Honestly, probably getting a starter or making a starter for this recipe. A starter is a combination of flour, water, and air bacteria that has fermented. Also, if you don’t have a waffle iron, you won’t be able to make waffles. My waffle iron is around 22 years old. We received it as a wedding present and it is still going strong! You could use this recipe to make pancakes instead if you don’t have a waffle iron, but want to still try out this recipe.
Sourdough Waffles
Equipment
- Waffle Iron
Ingredients
Sponge
- 240 g sourdough starter/discard
- 120 g all-pupose flour
- 20 g brown sugar or granulated sugar
- 224 g buttermilk (1 cup milk + 1 tsp. vinegar)
Batter
- 1 egg
- 1/4 cup melted butter
- 1 tsp. vanilla extract
- 1/2 tsp. salt
- 1 tsp. baking soda
Instructions
Sponge
- Make a sponge the night before. You will mix 240 grams of sourdough starter or discard with 120 grams of all-purpose flour, 20 grams of brown sugar ( you can use granulated sugar instead of brown sugar), and 224 grams of buttermilk. I make my own buttermilk by mixing 1 teaspoon of vinegar with 1 cup of milk and letting it sit for 5 minutes. I stir it about half way through. Cover the sponge with cling wrap and leave it on your counter overnight.
Batter
- The morning of, plug in your waffle iron and let it heat up while you are adding in the ingredients to the sponge.
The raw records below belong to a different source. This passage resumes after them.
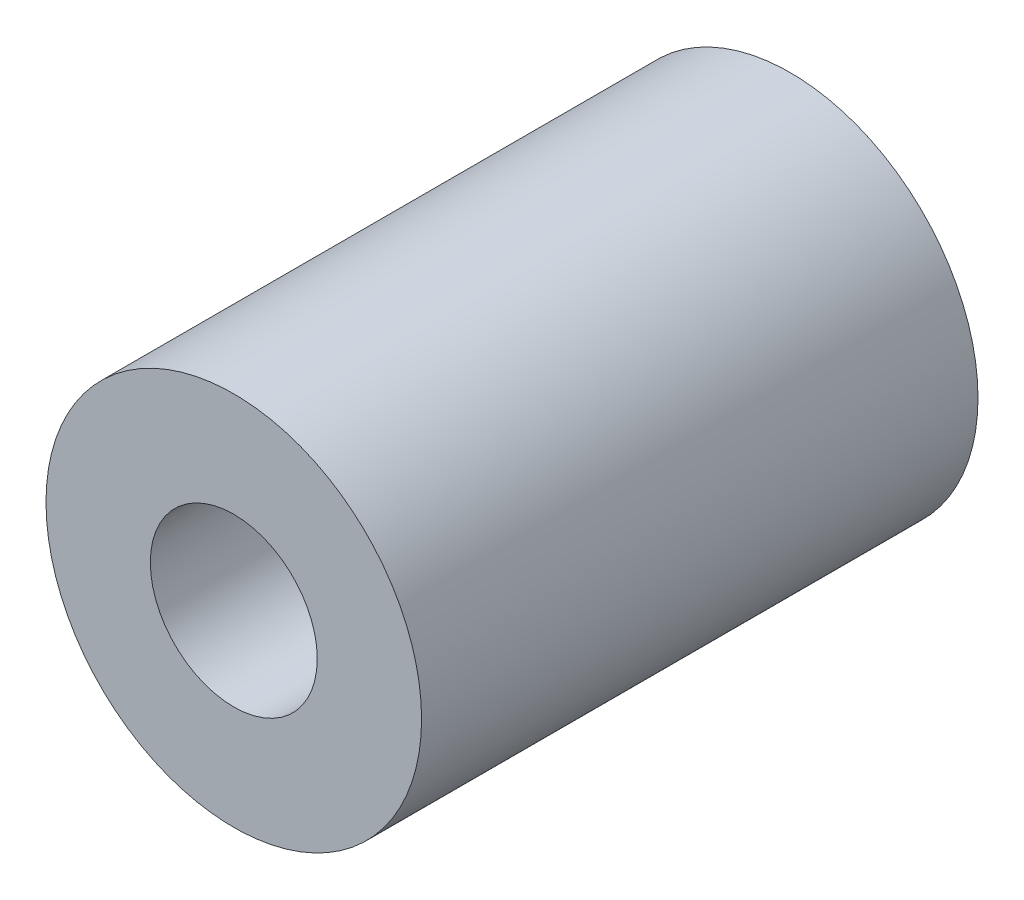
from build123d import *

# Parameters (mm, degrees)
SKETCH2_R           = 13.5
BOSS_EXTRUDE1_DEPTH = 40
SKETCH3_R           = 6
CUT_EXTRUDE1_DEPTH  = 40


with BuildPart() as part:
    # Sketch2 → Boss-Extrude1 (new body)
    with BuildSketch(Plane.XY):
        Circle(SKETCH2_R)
    extrude(amount=BOSS_EXTRUDE1_DEPTH)

    # Sketch3 → Cut-Extrude1 (cut)
    with BuildSketch(Plane.XY.offset(40)):
        Circle(SKETCH3_R)
    extrude(amount=-CUT_EXTRUDE1_DEPTH, mode=Mode.SUBTRACT)


solid = part.part
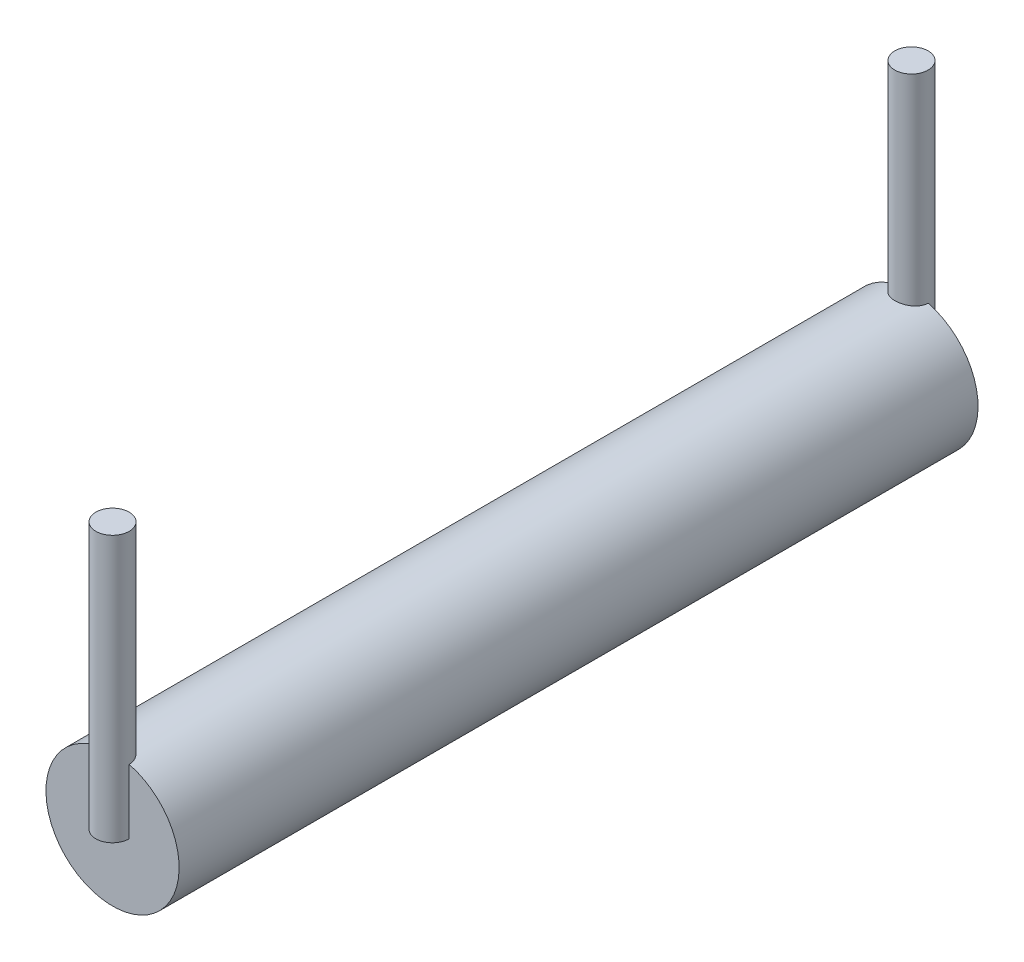
from build123d import *

# Parameters (mm, degrees)
SKETCH1_R           = 1
BOSS_EXTRUDE1_DEPTH = 6
SKETCH2_R           = 0.25
BOSS_EXTRUDE2_DEPTH = 4


with BuildPart() as part:
    # Sketch1 → Boss-Extrude1 (new body, symmetric)
    with BuildSketch(Plane.XY):
        Circle(SKETCH1_R)
    extrude(amount=BOSS_EXTRUDE1_DEPTH, both=True)

    # Sketch2 → Boss-Extrude2 (add)
    with BuildSketch(Plane(origin=(0, 0, 0), x_dir=(1, 0, 0), z_dir=(0, 1, 0))):
        with Locations((0, -6)):
            Circle(SKETCH2_R)
        with Locations((0, 6)):
            Circle(SKETCH2_R)
    extrude(amount=BOSS_EXTRUDE2_DEPTH)


solid = part.part
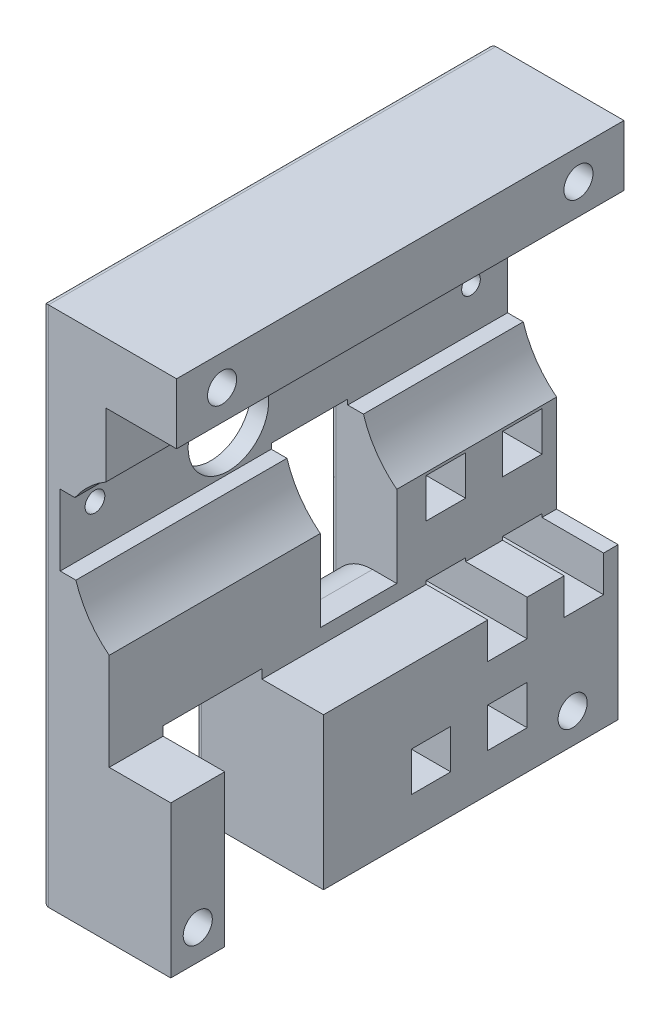
from build123d import *

# Parameters (mm, degrees)
PROFILEEXTRUDE_DEPTH    = 73.76
HOSEWINDOW_W            = 16.29
HOSEWINDOW_H            = 26.5
HOSEWINDOWCUT_DEPTH     = 23.11
CAGESCREWS_R            = 2.4
CAGESCREWSCUT_DEPTH     = 23.11
AXLEHOLECUT_DEPTH       = 23.11
SETSCREWHOLES_R         = 1.539432213
SETSCREWHOLES_R_2       = 1.628953018
SETSCREWHOLESCUT_DEPTH  = 23.11
VELOCITYWINDOW_W        = 12.61
VELOCITYWINDOW_H        = 22.29
VELOCITYWINDOWCUT_DEPTH = 23.11
FILLET3_R               = 7
TRIGGERRACKSLOTCUT_W    = 6.5
TRIGGERRACKSLOTCUT_H    = 6.5
RACKSLOTCUT_DEPTH       = 23.11
FILLET4_R               = 1


with BuildPart() as part:
    # Profile → ProfileExtrude (new body)
    with BuildSketch(Plane.XY):
        with BuildLine():
            Line((9.301269376, -54.194713793), (9.301269376, -29.194713793))
            Line((9.301269376, -29.194713793), (-0.848730624, -29.194713793))
            Line((-0.848730624, -29.194713793), (-0.848730624, -13.196583793))
            ThreePointArc((-0.848730624, -13.196583793), (-4.204324299, -9.619560571), (-6.340730624, -5.204713793))
            Line((-6.340730624, -5.204713793), (-8.928730624, -5.204713793))
            Line((-8.928730624, -5.204713793), (-8.928730624, 6.495286207))
            Line((-8.928730624, 6.495286207), (-6.509650624, 6.495286207))
            ThreePointArc((-6.509650624, 6.495286207), (-4.210311879, 9.168674207), (-1.388730624, 11.283536207))
            Line((-1.388730624, 11.283536207), (-1.388730624, 21.845286207))
            Line((-1.388730624, 21.845286207), (10.261269376, 21.845286207))
            Line((10.261269376, 21.845286207), (10.261269376, 31.845286207))
            Line((10.261269376, 31.845286207), (-11.848730624, 31.845286207))
            Line((-11.848730624, 31.845286207), (-11.848730624, -54.194713793))
            Line((-11.848730624, -54.194713793), (9.301269376, -54.194713793))
        make_face()
    extrude(amount=PROFILEEXTRUDE_DEPTH)

    # HoseWindow → HoseWindowCut (cut, through all)
    with BuildSketch(Plane.ZY.offset(11.848730624)):
        with Locations((56.725, -40.944713793)):
            Rectangle(HOSEWINDOW_W, HOSEWINDOW_H)
    extrude(amount=-HOSEWINDOWCUT_DEPTH, mode=Mode.SUBTRACT)

    # CageScrews → CageScrewsCut (cut, through all)
    with BuildSketch(Plane.ZY.offset(11.848730624)):
        with Locations((7.5, 26.845286207)):
            Circle(CAGESCREWS_R)
        with Locations((66.26, 26.845286207)):
            Circle(CAGESCREWS_R)
        with Locations((7.5, -49.194713793)):
            Circle(CAGESCREWS_R)
        with Locations((69.31, -49.194713793)):
            Circle(CAGESCREWS_R)
    extrude(amount=-CAGESCREWSCUT_DEPTH, mode=Mode.SUBTRACT)

    # AxleHole → AxleHoleCut (cut, through all)
    with BuildSketch(Plane.ZY.offset(11.848730624)):
        with BuildLine():
            Line((47.361, 8.359497151), (47.361, 6.740497151))
            Line((47.361, 6.740497151), (44.699, 6.740497151))
            Line((44.699, 6.740497151), (44.699, 8.359497151))
            ThreePointArc((44.699, 8.359497151), (46.03, -4.783713793), (47.361, 8.359497151))
        make_face()
    extrude(amount=-AXLEHOLECUT_DEPTH, mode=Mode.SUBTRACT)

    # SetScrewHoles → SetScrewHolesCut (cut, through all)
    with BuildSketch(Plane.ZY.offset(11.848730624)):
        with Locations((6.03, 1.855286207)):
            Circle(SETSCREWHOLES_R)
        with Locations((68.03, 1.855286207)):
            Circle(SETSCREWHOLES_R_2)
    extrude(amount=-SETSCREWHOLESCUT_DEPTH, mode=Mode.SUBTRACT)

    # VelocityWindow → VelocityWindowCut (cut, through all)
    with BuildSketch(Plane.ZY.offset(11.848730624)):
        with Locations((32.655, -15.499713793)):
            Rectangle(VELOCITYWINDOW_W, VELOCITYWINDOW_H)
    extrude(amount=-VELOCITYWINDOWCUT_DEPTH, mode=Mode.SUBTRACT)

    # Fillet3
    fillet3_edges = [part.edges().sort_by_distance(p)[0] for p in [
        (-11.848730624, -26.644713793, 32.655),
    ]]
    fillet(fillet3_edges, radius=FILLET3_R)

    # TriggerRackSlotCut → RackSlotCut (cut, through all)
    with BuildSketch(Plane.ZY.offset(11.848730624)):
        with Locations((18.25, -44.594713793)):
            Rectangle(TRIGGERRACKSLOTCUT_W, TRIGGERRACKSLOTCUT_H)
        with Locations((30.85, -44.594713793)):
            Rectangle(TRIGGERRACKSLOTCUT_W, TRIGGERRACKSLOTCUT_H)
        with Locations((5.65, -31.894713793)):
            Rectangle(TRIGGERRACKSLOTCUT_W, TRIGGERRACKSLOTCUT_H)
        with Locations((18.25, -31.894713793)):
            Rectangle(TRIGGERRACKSLOTCUT_W, TRIGGERRACKSLOTCUT_H)
        with Locations((5.65, -16.894713793)):
            Rectangle(TRIGGERRACKSLOTCUT_W, TRIGGERRACKSLOTCUT_H)
        with Locations((18.25, -16.894713793)):
            Rectangle(TRIGGERRACKSLOTCUT_W, TRIGGERRACKSLOTCUT_H)
    extrude(amount=-RACKSLOTCUT_DEPTH, mode=Mode.SUBTRACT)

    # Fillet4
    fillet4_edges = [part.edges().sort_by_distance(p)[0] for p in [
        (-11.848730624, -11.174713793, 73.76),
        (-11.848730624, -18.999713793, 26.35),
        (-11.848730624, -18.999713793, 38.96),
        (-11.848730624, -4.354713793, 32.655),
        (-11.848730624, -44.594713793, 15),
        (-11.848730624, -47.844713793, 18.25),
        (-11.848730624, -44.594713793, 21.5),
        (-11.848730624, -41.344713793, 18.25),
        (-11.848730624, -11.174713793, 0),
        (-11.848730624, -44.594713793, 27.6),
        (-11.848730624, -47.844713793, 30.85),
        (-11.848730624, -44.594713793, 34.1),
        (-11.848730624, -41.344713793, 30.85),
        (-11.848730624, -31.894713793, 2.4),
        (-11.848730624, -35.144713793, 5.65),
        (-11.848730624, -31.894713793, 8.9),
        (-11.848730624, -28.644713793, 5.65),
        (-11.848730624, -31.894713793, 15),
        (-11.848730624, -35.144713793, 18.25),
        (-11.848730624, -31.894713793, 21.5),
        (-11.848730624, -28.644713793, 18.25),
        (-11.848730624, -54.194713793, 69.315),
        (-11.848730624, 31.845286207, 36.88),
        (-11.848730624, -16.894713793, 2.4),
        (-11.848730624, -20.144713793, 5.65),
        (-11.848730624, -16.894713793, 8.9),
        (-11.848730624, -13.644713793, 5.65),
        (-11.848730624, -16.894713793, 15),
        (-11.848730624, -20.144713793, 18.25),
        (-11.848730624, -16.894713793, 21.5),
        (-11.848730624, -13.644713793, 18.25),
        (-11.848730624, -54.194713793, 24.29),
        (-11.848730624, -40.944713793, 64.87),
        (-11.848730624, -27.694713793, 56.725),
        (-11.848730624, -40.944713793, 48.58),
    ]]
    fillet(fillet4_edges, radius=FILLET4_R)


solid = part.part

- Take your sponge and mix in 1 egg, 1/4 cup melted butter, 1 tsp. vanilla extract, 1/2 tsp. salt, and 1 tsp. baking soda.
- You may need to spray your waffle iron with a non-stick spray. Pour the batter into your waffle iron and let it cook until the steam starts slowing down. This usually takes 3-5 minutes. You can check it at this point to see if it is to your liking. Some like their waffles soft, some prefer crispy, and some like them somewhere in between.
- Top them with anything you would like or nothing at all. They are even delicious plain. You can eat them later in the day as a grab and go snack without the toppings. Some of our favorite toppings include powdered sugar, butter, maple syrup, strawberries, and blueberries.